Аккурат подошел поезд из Вены, а в нем всякие там маршалы прибыли на инспекцию.
Выходят — вот те раз!
Уставились на Гонзу и смотрят, как тянет он свою тележку с углем. Шинель нараспашку, фуражка набекрень, весь в мыле.
Увидал их, да сторонкой, сторонкой — наутек.
Ан уж поздно.
Один капитан, братцы мои, догнал его: куда, мол, едет, да что это он, офицер, везет, да как фамилия, да кто таков. Все на карандашик взяли, кликнули двух солдат, пришлось тем беднягам попотеть, пока доволокли тележку до места.
Вернулся Гонза домой, швырнул фуражку на канапе, ругается на чем свет стоит.
Дескать, он доктор, хирург, а никакой не офицер, и дела ему нет до всего до этого, сами‑то господа небось любят сидеть в тепле, у них‑то хорошо протоплено, а он это офицерское барахло больше носить не станет — и пошел, и пошел…

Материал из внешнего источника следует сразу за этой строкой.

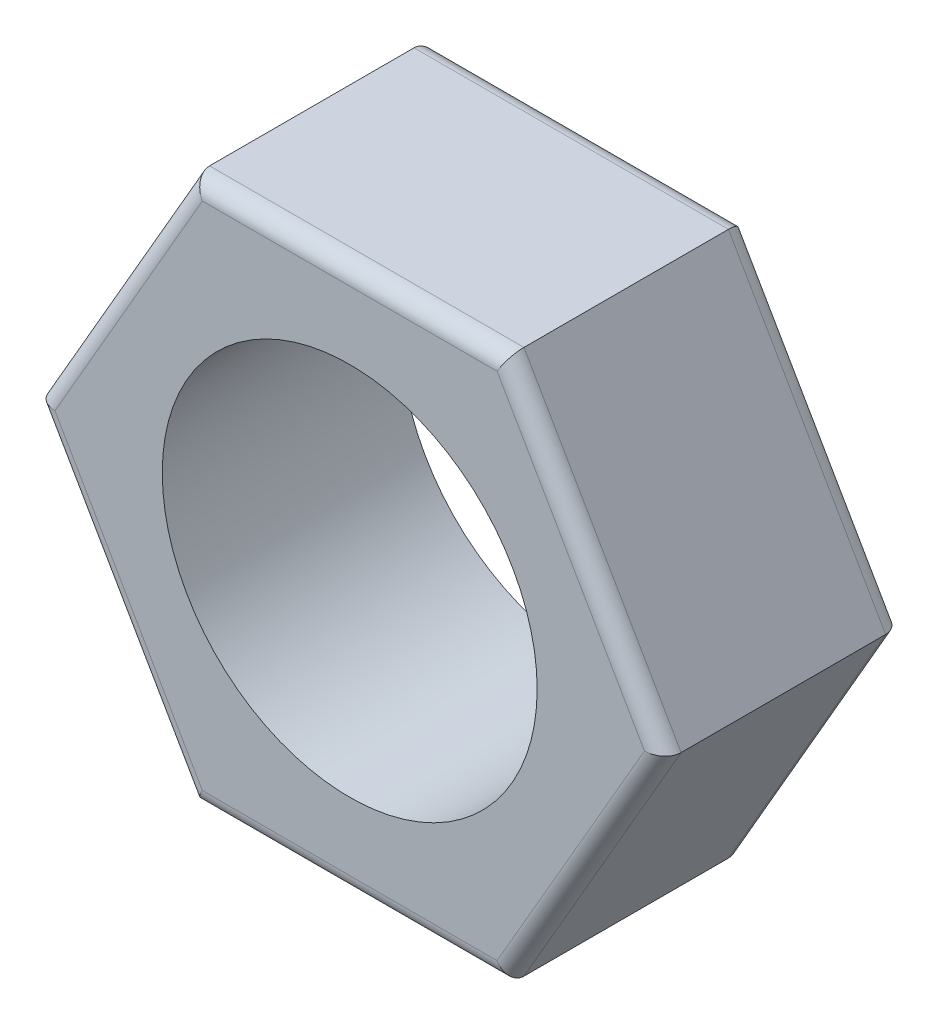
ISO-10303-21;
HEADER;
FILE_DESCRIPTION(('STEP AP214'),'2;1');
FILE_NAME('part.step','',(''),(''),'','','');
FILE_SCHEMA(('AUTOMOTIVE_DESIGN { 1 0 10303 214 1 1 1 1 }'));
ENDSEC;
DATA;
#1=APPLICATION_CONTEXT('core data for automotive mechanical design processes');
#2=APPLICATION_PROTOCOL_DEFINITION('international standard','automotive_design',2000,#1);
#3=PRODUCT_CONTEXT('',#1,'mechanical');
#4=PRODUCT('Part','Part','',(#3));
#5=PRODUCT_RELATED_PRODUCT_CATEGORY('part','',(#4));
#6=PRODUCT_DEFINITION_FORMATION('','',#4);
#7=PRODUCT_DEFINITION_CONTEXT('part definition',#1,'design');
#8=PRODUCT_DEFINITION('design','',#6,#7);
#9=PRODUCT_DEFINITION_SHAPE('','',#8);
#10=(LENGTH_UNIT() NAMED_UNIT(*) SI_UNIT(.MILLI.,.METRE.));
#11=(NAMED_UNIT(*) PLANE_ANGLE_UNIT() SI_UNIT($,.RADIAN.));
#12=(NAMED_UNIT(*) SI_UNIT($,.STERADIAN.) SOLID_ANGLE_UNIT());
#13=UNCERTAINTY_MEASURE_WITH_UNIT(LENGTH_MEASURE(1.E-05),#10,'distance_accuracy_value','');
#14=(GEOMETRIC_REPRESENTATION_CONTEXT(3) GLOBAL_UNCERTAINTY_ASSIGNED_CONTEXT((#13)) GLOBAL_UNIT_ASSIGNED_CONTEXT((#10,
#11,#12)) REPRESENTATION_CONTEXT('',''));
#15=CARTESIAN_POINT('',(0.,0.,0.));
#16=DIRECTION('',(0.,0.,1.));
#17=DIRECTION('',(1.,0.,0.));
#18=AXIS2_PLACEMENT_3D('',#15,#16,#17);
#19=CARTESIAN_POINT('',(-9.225,-15.9781686998229,14.));
#20=DIRECTION('',(0.,1.,0.));
#21=DIRECTION('',(0.,0.,1.));
#22=AXIS2_PLACEMENT_3D('',#19,#20,#21);
#23=PLANE('',#22);
#24=DIRECTION('',(0.,0.,-1.));
#25=VECTOR('',#24,1.);
#26=CARTESIAN_POINT('',(9.225,-15.9781686998229,14.));
#27=LINE('',#26,#25);
#28=CARTESIAN_POINT('',(9.225,-15.9781686998229,13.));
#29=VERTEX_POINT('',#28);
#30=CARTESIAN_POINT('',(9.225,-15.9781686998229,0.999999999999999));
#31=VERTEX_POINT('',#30);
#32=EDGE_CURVE('E149',#29,#31,#27,.T.);
#33=ORIENTED_EDGE('',*,*,#32,.F.);
#34=DIRECTION('',(1.,0.,0.));
#35=VECTOR('',#34,1.);
#36=CARTESIAN_POINT('',(-9.225,-15.9781686998229,13.));
#37=LINE('',#36,#35);
#38=CARTESIAN_POINT('',(-9.225,-15.9781686998229,13.));
#39=VERTEX_POINT('',#38);
#40=EDGE_CURVE('E209',#29,#39,#37,.F.);
#41=ORIENTED_EDGE('',*,*,#40,.T.);
#42=DIRECTION('',(0.,0.,-1.));
#43=VECTOR('',#42,1.);
#44=CARTESIAN_POINT('',(-9.225,-15.9781686998229,14.));
#45=LINE('',#44,#43);
#46=CARTESIAN_POINT('',(-9.225,-15.9781686998229,0.999999999999999));
#47=VERTEX_POINT('',#46);
#48=EDGE_CURVE('E260',#39,#47,#45,.T.);
#49=ORIENTED_EDGE('',*,*,#48,.T.);
#50=DIRECTION('',(1.,0.,0.));
#51=VECTOR('',#50,1.);
#52=CARTESIAN_POINT('',(-9.225,-15.9781686998229,0.999999999999999));
#53=LINE('',#52,#51);
#54=EDGE_CURVE('E207',#47,#31,#53,.T.);
#55=ORIENTED_EDGE('',*,*,#54,.T.);
#56=EDGE_LOOP('',(#33,#41,#49,#55));
#57=FACE_BOUND('',#56,.T.);
#58=ADVANCED_FACE('F36',(#57),#23,.F.);
#59=CARTESIAN_POINT('',(9.225,-15.9781686998229,14.));
#60=DIRECTION('',(-0.866025403784439,0.5,0.));
#61=DIRECTION('',(-0.5,-0.866025403784439,0.));
#62=AXIS2_PLACEMENT_3D('',#59,#60,#61);
#63=PLANE('',#62);
#64=DIRECTION('',(0.,0.,-1.));
#65=VECTOR('',#64,1.);
#66=CARTESIAN_POINT('',(18.45,0.,14.));
#67=LINE('',#66,#65);
#68=CARTESIAN_POINT('',(18.45,0.,13.));
#69=VERTEX_POINT('',#68);
#70=CARTESIAN_POINT('',(18.45,0.,0.999999999999999));
#71=VERTEX_POINT('',#70);
#72=EDGE_CURVE('E270',#69,#71,#67,.T.);
#73=ORIENTED_EDGE('',*,*,#72,.F.);
#74=DIRECTION('',(0.5,0.866025403784439,0.));
#75=VECTOR('',#74,1.);
#76=CARTESIAN_POINT('',(9.225,-15.9781686998229,13.));
#77=LINE('',#76,#75);
#78=EDGE_CURVE('E202',#69,#29,#77,.F.);
#79=ORIENTED_EDGE('',*,*,#78,.T.);
#80=ORIENTED_EDGE('',*,*,#32,.T.);
#81=DIRECTION('',(0.5,0.866025403784439,0.));
#82=VECTOR('',#81,1.);
#83=CARTESIAN_POINT('',(9.225,-15.9781686998229,0.999999999999999));
#84=LINE('',#83,#82);
#85=EDGE_CURVE('E232',#31,#71,#84,.T.);
#86=ORIENTED_EDGE('',*,*,#85,.T.);
#87=EDGE_LOOP('',(#73,#79,#80,#86));
#88=FACE_BOUND('',#87,.T.);
#89=ADVANCED_FACE('F282',(#88),#63,.F.);
#90=CARTESIAN_POINT('',(18.45,0.,14.));
#91=DIRECTION('',(-0.866025403784439,-0.5,0.));
#92=DIRECTION('',(0.5,-0.866025403784439,0.));
#93=AXIS2_PLACEMENT_3D('',#90,#91,#92);
#94=PLANE('',#93);
#95=DIRECTION('',(0.,0.,-1.));
#96=VECTOR('',#95,1.);
#97=CARTESIAN_POINT('',(9.22499999999999,15.9781686998229,14.));
#98=LINE('',#97,#96);
#99=CARTESIAN_POINT('',(9.22499999999999,15.9781686998229,13.));
#100=VERTEX_POINT('',#99);
#101=CARTESIAN_POINT('',(9.22499999999999,15.9781686998229,0.999999999999999));
#102=VERTEX_POINT('',#101);
#103=EDGE_CURVE('E262',#100,#102,#98,.T.);
#104=ORIENTED_EDGE('',*,*,#103,.F.);
#105=DIRECTION('',(-0.5,0.866025403784439,0.));
#106=VECTOR('',#105,1.);
#107=CARTESIAN_POINT('',(18.45,0.,13.));
#108=LINE('',#107,#106);
#109=EDGE_CURVE('E193',#100,#69,#108,.F.);
#110=ORIENTED_EDGE('',*,*,#109,.T.);
#111=ORIENTED_EDGE('',*,*,#72,.T.);
#112=DIRECTION('',(-0.5,0.866025403784439,0.));
#113=VECTOR('',#112,1.);
#114=CARTESIAN_POINT('',(18.45,0.,0.999999999999999));
#115=LINE('',#114,#113);
#116=EDGE_CURVE('E199',#71,#102,#115,.T.);
#117=ORIENTED_EDGE('',*,*,#116,.T.);
#118=EDGE_LOOP('',(#104,#110,#111,#117));
#119=FACE_BOUND('',#118,.T.);
#120=ADVANCED_FACE('F305',(#119),#94,.F.);
#121=CARTESIAN_POINT('',(9.22499999999999,15.9781686998229,14.));
#122=DIRECTION('',(0.,-1.,0.));
#123=DIRECTION('',(0.,0.,-1.));
#124=AXIS2_PLACEMENT_3D('',#121,#122,#123);
#125=PLANE('',#124);
#126=DIRECTION('',(0.,0.,-1.));
#127=VECTOR('',#126,1.);
#128=CARTESIAN_POINT('',(-9.225,15.9781686998229,14.));
#129=LINE('',#128,#127);
#130=CARTESIAN_POINT('',(-9.225,15.9781686998229,13.));
#131=VERTEX_POINT('',#130);
#132=CARTESIAN_POINT('',(-9.225,15.9781686998229,0.999999999999999));
#133=VERTEX_POINT('',#132);
#134=EDGE_CURVE('E254',#131,#133,#129,.T.);
#135=ORIENTED_EDGE('',*,*,#134,.F.);
#136=DIRECTION('',(-1.,0.,0.));
#137=VECTOR('',#136,1.);
#138=CARTESIAN_POINT('',(9.22499999999999,15.9781686998229,13.));
#139=LINE('',#138,#137);
#140=EDGE_CURVE('E152',#131,#100,#139,.F.);
#141=ORIENTED_EDGE('',*,*,#140,.T.);
#142=ORIENTED_EDGE('',*,*,#103,.T.);
#143=DIRECTION('',(-1.,0.,0.));
#144=VECTOR('',#143,1.);
#145=CARTESIAN_POINT('',(9.22499999999999,15.9781686998229,0.999999999999999));
#146=LINE('',#145,#144);
#147=EDGE_CURVE('E198',#102,#133,#146,.T.);
#148=ORIENTED_EDGE('',*,*,#147,.T.);
#149=EDGE_LOOP('',(#135,#141,#142,#148));
#150=FACE_BOUND('',#149,.T.);
#151=ADVANCED_FACE('F310',(#150),#125,.F.);
#152=CARTESIAN_POINT('',(-9.225,15.9781686998229,14.));
#153=DIRECTION('',(0.866025403784439,-0.5,0.));
#154=DIRECTION('',(0.5,0.866025403784439,0.));
#155=AXIS2_PLACEMENT_3D('',#152,#153,#154);
#156=PLANE('',#155);
#157=DIRECTION('',(0.,0.,-1.));
#158=VECTOR('',#157,1.);
#159=CARTESIAN_POINT('',(-18.45,0.,14.));
#160=LINE('',#159,#158);
#161=CARTESIAN_POINT('',(-18.45,0.,13.));
#162=VERTEX_POINT('',#161);
#163=CARTESIAN_POINT('',(-18.45,0.,0.999999999999999));
#164=VERTEX_POINT('',#163);
#165=EDGE_CURVE('E252',#162,#164,#160,.T.);
#166=ORIENTED_EDGE('',*,*,#165,.F.);
#167=DIRECTION('',(-0.5,-0.866025403784439,0.));
#168=VECTOR('',#167,1.);
#169=CARTESIAN_POINT('',(-9.22499999999999,15.9781686998229,13.));
#170=LINE('',#169,#168);
#171=EDGE_CURVE('E218',#162,#131,#170,.F.);
#172=ORIENTED_EDGE('',*,*,#171,.T.);
#173=ORIENTED_EDGE('',*,*,#134,.T.);
#174=DIRECTION('',(-0.5,-0.866025403784439,0.));
#175=VECTOR('',#174,1.);
#176=CARTESIAN_POINT('',(-9.225,15.9781686998229,0.999999999999999));
#177=LINE('',#176,#175);
#178=EDGE_CURVE('E216',#133,#164,#177,.T.);
#179=ORIENTED_EDGE('',*,*,#178,.T.);
#180=EDGE_LOOP('',(#166,#172,#173,#179));
#181=FACE_BOUND('',#180,.T.);
#182=ADVANCED_FACE('F251',(#181),#156,.F.);
#183=CARTESIAN_POINT('',(-18.45,0.,14.));
#184=DIRECTION('',(0.866025403784439,0.5,0.));
#185=DIRECTION('',(-0.5,0.866025403784439,0.));
#186=AXIS2_PLACEMENT_3D('',#183,#184,#185);
#187=PLANE('',#186);
#188=ORIENTED_EDGE('',*,*,#48,.F.);
#189=DIRECTION('',(0.5,-0.866025403784439,0.));
#190=VECTOR('',#189,1.);
#191=CARTESIAN_POINT('',(-18.45,0.,13.));
#192=LINE('',#191,#190);
#193=EDGE_CURVE('E214',#39,#162,#192,.F.);
#194=ORIENTED_EDGE('',*,*,#193,.T.);
#195=ORIENTED_EDGE('',*,*,#165,.T.);
#196=DIRECTION('',(0.5,-0.866025403784439,0.));
#197=VECTOR('',#196,1.);
#198=CARTESIAN_POINT('',(-18.45,0.,0.999999999999999));
#199=LINE('',#198,#197);
#200=EDGE_CURVE('E211',#164,#47,#199,.T.);
#201=ORIENTED_EDGE('',*,*,#200,.T.);
#202=EDGE_LOOP('',(#188,#194,#195,#201));
#203=FACE_BOUND('',#202,.T.);
#204=ADVANCED_FACE('F257',(#203),#187,.F.);
#205=CARTESIAN_POINT('',(9.225,-15.9781686998229,14.));
#206=DIRECTION('',(0.,0.,1.));
#207=DIRECTION('',(1.,0.,0.));
#208=AXIS2_PLACEMENT_3D('',#205,#206,#207);
#209=PLANE('',#208);
#210=DIRECTION('',(1.,0.,0.));
#211=VECTOR('',#210,1.);
#212=CARTESIAN_POINT('',(9.225,-14.9781686998229,14.));
#213=LINE('',#212,#211);
#214=CARTESIAN_POINT('',(-8.64764973081037,-14.9781686998229,14.));
#215=VERTEX_POINT('',#214);
#216=CARTESIAN_POINT('',(8.64764973081037,-14.9781686998229,14.));
#217=VERTEX_POINT('',#216);
#218=EDGE_CURVE('E137',#215,#217,#213,.T.);
#219=ORIENTED_EDGE('',*,*,#218,.T.);
#220=DIRECTION('',(0.5,0.866025403784439,0.));
#221=VECTOR('',#220,1.);
#222=CARTESIAN_POINT('',(17.5839745962156,0.5,14.));
#223=LINE('',#222,#221);
#224=CARTESIAN_POINT('',(17.2952994616207,0.,14.));
#225=VERTEX_POINT('',#224);
#226=EDGE_CURVE('E277',#217,#225,#223,.T.);
#227=ORIENTED_EDGE('',*,*,#226,.T.);
#228=DIRECTION('',(-0.5,0.866025403784439,0.));
#229=VECTOR('',#228,1.);
#230=CARTESIAN_POINT('',(8.35897459621555,15.4781686998229,14.));
#231=LINE('',#230,#229);
#232=CARTESIAN_POINT('',(8.64764973081037,14.9781686998229,14.));
#233=VERTEX_POINT('',#232);
#234=EDGE_CURVE('E132',#225,#233,#231,.T.);
#235=ORIENTED_EDGE('',*,*,#234,.T.);
#236=DIRECTION('',(-1.,0.,0.));
#237=VECTOR('',#236,1.);
#238=CARTESIAN_POINT('',(-9.225,14.9781686998229,14.));
#239=LINE('',#238,#237);
#240=CARTESIAN_POINT('',(-8.64764973081037,14.9781686998229,14.));
#241=VERTEX_POINT('',#240);
#242=EDGE_CURVE('E124',#233,#241,#239,.T.);
#243=ORIENTED_EDGE('',*,*,#242,.T.);
#244=DIRECTION('',(-0.5,-0.866025403784439,0.));
#245=VECTOR('',#244,1.);
#246=CARTESIAN_POINT('',(-17.5839745962156,-0.499999999999996,14.));
#247=LINE('',#246,#245);
#248=CARTESIAN_POINT('',(-17.2952994616207,0.,14.));
#249=VERTEX_POINT('',#248);
#250=EDGE_CURVE('E128',#241,#249,#247,.T.);
#251=ORIENTED_EDGE('',*,*,#250,.T.);
#252=DIRECTION('',(0.5,-0.866025403784439,0.));
#253=VECTOR('',#252,1.);
#254=CARTESIAN_POINT('',(-8.35897459621556,-15.4781686998229,14.));
#255=LINE('',#254,#253);
#256=EDGE_CURVE('E148',#249,#215,#255,.T.);
#257=ORIENTED_EDGE('',*,*,#256,.T.);
#258=EDGE_LOOP('',(#219,#227,#235,#243,#251,#257));
#259=FACE_BOUND('',#258,.T.);
#260=CARTESIAN_POINT('',(0.,0.,14.));
#261=DIRECTION('',(0.,0.,-1.));
#262=DIRECTION('',(-1.,0.,0.));
#263=AXIS2_PLACEMENT_3D('',#260,#261,#262);
#264=CIRCLE('',#263,11.);
#265=CARTESIAN_POINT('',(-11.,0.,14.));
#266=VERTEX_POINT('',#265);
#267=EDGE_CURVE('E264',#266,#266,#264,.T.);
#268=ORIENTED_EDGE('',*,*,#267,.T.);
#269=EDGE_LOOP('',(#268));
#270=FACE_BOUND('',#269,.T.);
#271=ADVANCED_FACE('F126',(#259,#270),#209,.T.);
#272=CARTESIAN_POINT('',(9.225,-15.9781686998229,0.));
#273=DIRECTION('',(0.,0.,1.));
#274=DIRECTION('',(1.,0.,0.));
#275=AXIS2_PLACEMENT_3D('',#272,#273,#274);
#276=PLANE('',#275);
#277=DIRECTION('',(1.,0.,0.));
#278=VECTOR('',#277,1.);
#279=CARTESIAN_POINT('',(9.225,-14.9781686998229,0.));
#280=LINE('',#279,#278);
#281=CARTESIAN_POINT('',(8.64764973081037,-14.9781686998229,0.));
#282=VERTEX_POINT('',#281);
#283=CARTESIAN_POINT('',(-8.64764973081037,-14.9781686998229,0.));
#284=VERTEX_POINT('',#283);
#285=EDGE_CURVE('E45',#282,#284,#280,.F.);
#286=ORIENTED_EDGE('',*,*,#285,.T.);
#287=DIRECTION('',(0.5,-0.866025403784439,0.));
#288=VECTOR('',#287,1.);
#289=CARTESIAN_POINT('',(-3.74647459621556,-23.4672530497343,0.));
#290=LINE('',#289,#288);
#291=CARTESIAN_POINT('',(-17.2952994616207,0.,0.));
#292=VERTEX_POINT('',#291);
#293=EDGE_CURVE('E11',#284,#292,#290,.F.);
#294=ORIENTED_EDGE('',*,*,#293,.T.);
#295=DIRECTION('',(-0.5,-0.866025403784439,0.));
#296=VECTOR('',#295,1.);
#297=CARTESIAN_POINT('',(-17.5839745962156,-0.499999999999997,0.));
#298=LINE('',#297,#296);
#299=CARTESIAN_POINT('',(-8.64764973081037,14.9781686998229,0.));
#300=VERTEX_POINT('',#299);
#301=EDGE_CURVE('E220',#292,#300,#298,.F.);
#302=ORIENTED_EDGE('',*,*,#301,.T.);
#303=DIRECTION('',(-1.,0.,0.));
#304=VECTOR('',#303,1.);
#305=CARTESIAN_POINT('',(9.225,14.9781686998229,0.));
#306=LINE('',#305,#304);
#307=CARTESIAN_POINT('',(8.64764973081037,14.9781686998229,0.));
#308=VERTEX_POINT('',#307);
#309=EDGE_CURVE('E222',#300,#308,#306,.F.);
#310=ORIENTED_EDGE('',*,*,#309,.T.);
#311=DIRECTION('',(-0.5,0.866025403784439,0.));
#312=VECTOR('',#311,1.);
#313=CARTESIAN_POINT('',(22.1964745962156,-8.48908434991144,0.));
#314=LINE('',#313,#312);
#315=CARTESIAN_POINT('',(17.2952994616207,0.,0.));
#316=VERTEX_POINT('',#315);
#317=EDGE_CURVE('E224',#308,#316,#314,.F.);
#318=ORIENTED_EDGE('',*,*,#317,.T.);
#319=DIRECTION('',(0.5,0.866025403784439,0.));
#320=VECTOR('',#319,1.);
#321=CARTESIAN_POINT('',(8.35897459621556,-15.4781686998229,0.));
#322=LINE('',#321,#320);
#323=EDGE_CURVE('E56',#316,#282,#322,.F.);
#324=ORIENTED_EDGE('',*,*,#323,.T.);
#325=EDGE_LOOP('',(#286,#294,#302,#310,#318,#324));
#326=FACE_BOUND('',#325,.T.);
#327=CARTESIAN_POINT('',(0.,0.,0.));
#328=DIRECTION('',(0.,0.,-1.));
#329=DIRECTION('',(-1.,0.,0.));
#330=AXIS2_PLACEMENT_3D('',#327,#328,#329);
#331=CIRCLE('',#330,11.);
#332=CARTESIAN_POINT('',(-11.,0.,0.));
#333=VERTEX_POINT('',#332);
#334=EDGE_CURVE('E155',#333,#333,#331,.T.);
#335=ORIENTED_EDGE('',*,*,#334,.F.);
#336=EDGE_LOOP('',(#335));
#337=FACE_BOUND('',#336,.T.);
#338=ADVANCED_FACE('F227',(#326,#337),#276,.F.);
#339=CARTESIAN_POINT('',(0.,0.,14.));
#340=DIRECTION('',(0.,0.,-1.));
#341=DIRECTION('',(-1.,0.,0.));
#342=AXIS2_PLACEMENT_3D('',#339,#340,#341);
#343=CYLINDRICAL_SURFACE('',#342,11.);
#344=ORIENTED_EDGE('',*,*,#267,.F.);
#345=EDGE_LOOP('',(#344));
#346=FACE_BOUND('',#345,.T.);
#347=ORIENTED_EDGE('',*,*,#334,.T.);
#348=EDGE_LOOP('',(#347));
#349=FACE_BOUND('',#348,.T.);
#350=ADVANCED_FACE('F320',(#346,#349),#343,.F.);
#351=CARTESIAN_POINT('',(-17.5839745962156,-0.499999999999997,13.));
#352=DIRECTION('',(0.5,0.866025403784439,0.));
#353=DIRECTION('',(-0.866025403784439,0.5,0.));
#354=AXIS2_PLACEMENT_3D('',#351,#352,#353);
#355=CYLINDRICAL_SURFACE('',#354,1.);
#356=CARTESIAN_POINT('',(-8.64764973081037,14.9781686998229,13.));
#357=DIRECTION('',(0.866025403784439,0.5,0.));
#358=DIRECTION('',(-0.5,0.866025403784439,0.));
#359=AXIS2_PLACEMENT_3D('',#356,#357,#358);
#360=ELLIPSE('',#359,1.15470053837925,1.);
#361=EDGE_CURVE('E143',#131,#241,#360,.T.);
#362=ORIENTED_EDGE('',*,*,#361,.F.);
#363=ORIENTED_EDGE('',*,*,#171,.F.);
#364=CARTESIAN_POINT('',(-17.2952994616207,0.,13.));
#365=DIRECTION('',(0.,1.,0.));
#366=DIRECTION('',(1.,0.,0.));
#367=AXIS2_PLACEMENT_3D('',#364,#365,#366);
#368=ELLIPSE('',#367,1.15470053837925,1.);
#369=EDGE_CURVE('E146',#249,#162,#368,.F.);
#370=ORIENTED_EDGE('',*,*,#369,.F.);
#371=ORIENTED_EDGE('',*,*,#250,.F.);
#372=EDGE_LOOP('',(#362,#363,#370,#371));
#373=FACE_BOUND('',#372,.T.);
#374=ADVANCED_FACE('F141',(#373),#355,.T.);
#375=CARTESIAN_POINT('',(-3.74647459621556,-23.4672530497343,13.));
#376=DIRECTION('',(-0.5,0.866025403784439,0.));
#377=DIRECTION('',(-0.866025403784439,-0.5,0.));
#378=AXIS2_PLACEMENT_3D('',#375,#376,#377);
#379=CYLINDRICAL_SURFACE('',#378,1.);
#380=ORIENTED_EDGE('',*,*,#369,.T.);
#381=ORIENTED_EDGE('',*,*,#193,.F.);
#382=CARTESIAN_POINT('',(-8.64764973081037,-14.9781686998229,13.));
#383=DIRECTION('',(-0.866025403784439,0.5,0.));
#384=DIRECTION('',(0.5,0.866025403784439,0.));
#385=AXIS2_PLACEMENT_3D('',#382,#383,#384);
#386=ELLIPSE('',#385,1.15470053837925,1.);
#387=EDGE_CURVE('E153',#215,#39,#386,.F.);
#388=ORIENTED_EDGE('',*,*,#387,.F.);
#389=ORIENTED_EDGE('',*,*,#256,.F.);
#390=EDGE_LOOP('',(#380,#381,#388,#389));
#391=FACE_BOUND('',#390,.T.);
#392=ADVANCED_FACE('F287',(#391),#379,.T.);
#393=CARTESIAN_POINT('',(9.225,14.9781686998229,13.));
#394=DIRECTION('',(1.,0.,0.));
#395=DIRECTION('',(0.,0.,-1.));
#396=AXIS2_PLACEMENT_3D('',#393,#394,#395);
#397=CYLINDRICAL_SURFACE('',#396,1.);
#398=ORIENTED_EDGE('',*,*,#361,.T.);
#399=ORIENTED_EDGE('',*,*,#242,.F.);
#400=CARTESIAN_POINT('',(8.64764973081036,14.9781686998229,13.));
#401=DIRECTION('',(0.866025403784439,-0.5,0.));
#402=DIRECTION('',(0.5,0.866025403784439,0.));
#403=AXIS2_PLACEMENT_3D('',#400,#401,#402);
#404=ELLIPSE('',#403,1.15470053837925,1.);
#405=EDGE_CURVE('E158',#100,#233,#404,.T.);
#406=ORIENTED_EDGE('',*,*,#405,.F.);
#407=ORIENTED_EDGE('',*,*,#140,.F.);
#408=EDGE_LOOP('',(#398,#399,#406,#407));
#409=FACE_BOUND('',#408,.T.);
#410=ADVANCED_FACE('F151',(#409),#397,.T.);
#411=CARTESIAN_POINT('',(9.225,-14.9781686998229,13.));
#412=DIRECTION('',(-1.,0.,0.));
#413=DIRECTION('',(0.,0.,1.));
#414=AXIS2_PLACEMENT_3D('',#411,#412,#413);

Очень мне было досадно, что все это из-за моей килы. Говорю ему:
— Пустяки, Гонзичек, ну самое большое — отсидишь в вашем докторском карцере, а там, знаешь, горе не беда…
Вроде полегчало ему в тот вечер, мы со злости напились, домой заявились только к утру.
Да, черт возьми!
Сколько таскали его по всяким военным канцеляриям, сколько его допрашивали всякие там генералы, не помогло даже заступничество профессора и одного полковника в отставке, у которого Гонза замечательно вылечил супругу; пришлось нам быстренько собрать манатки — и на юг, на итальянца.
Вот дьявол! И до чего же поганая была езда!
Снова стояли мы с Гонзой у окна и глядели на Прагу. Посадка была на вокзале Франца-Иосифа, едем по мосту через Влтаву на Смихов, глазеем в окно и печально шмыгаем носами.
Бедняга Гонза!
Наш лазарет был на Изонцо. Зима промелькнула незаметно.
У Гонзы минутки свободной не было — где уж тут думать о родине! — но мы крепко надеялись месяца через три съездить на побывку домой.
А тут перевели нас на участок Мрзли Врх-Гермаду-Колгабриель, на склоне, покрытом виноградниками. Как‑то утром, часов в пять, побежал я в скальное укрытие за водой, иду назад с двумя ведерками.
Вдруг как жахнет из итальянской трехсотвосьмидесятимиллиметровки, белый огонь к небу, — кто его знает, фосфорный, что ль, снаряд… Деревья — будто в известке, а на том месте, где стоял Гонзов барак, такая глубокая воронка, что с телегой можно развернуться.
По всему склону кони убитые, а сколько людей уложило осколками да каменьями — не счесть.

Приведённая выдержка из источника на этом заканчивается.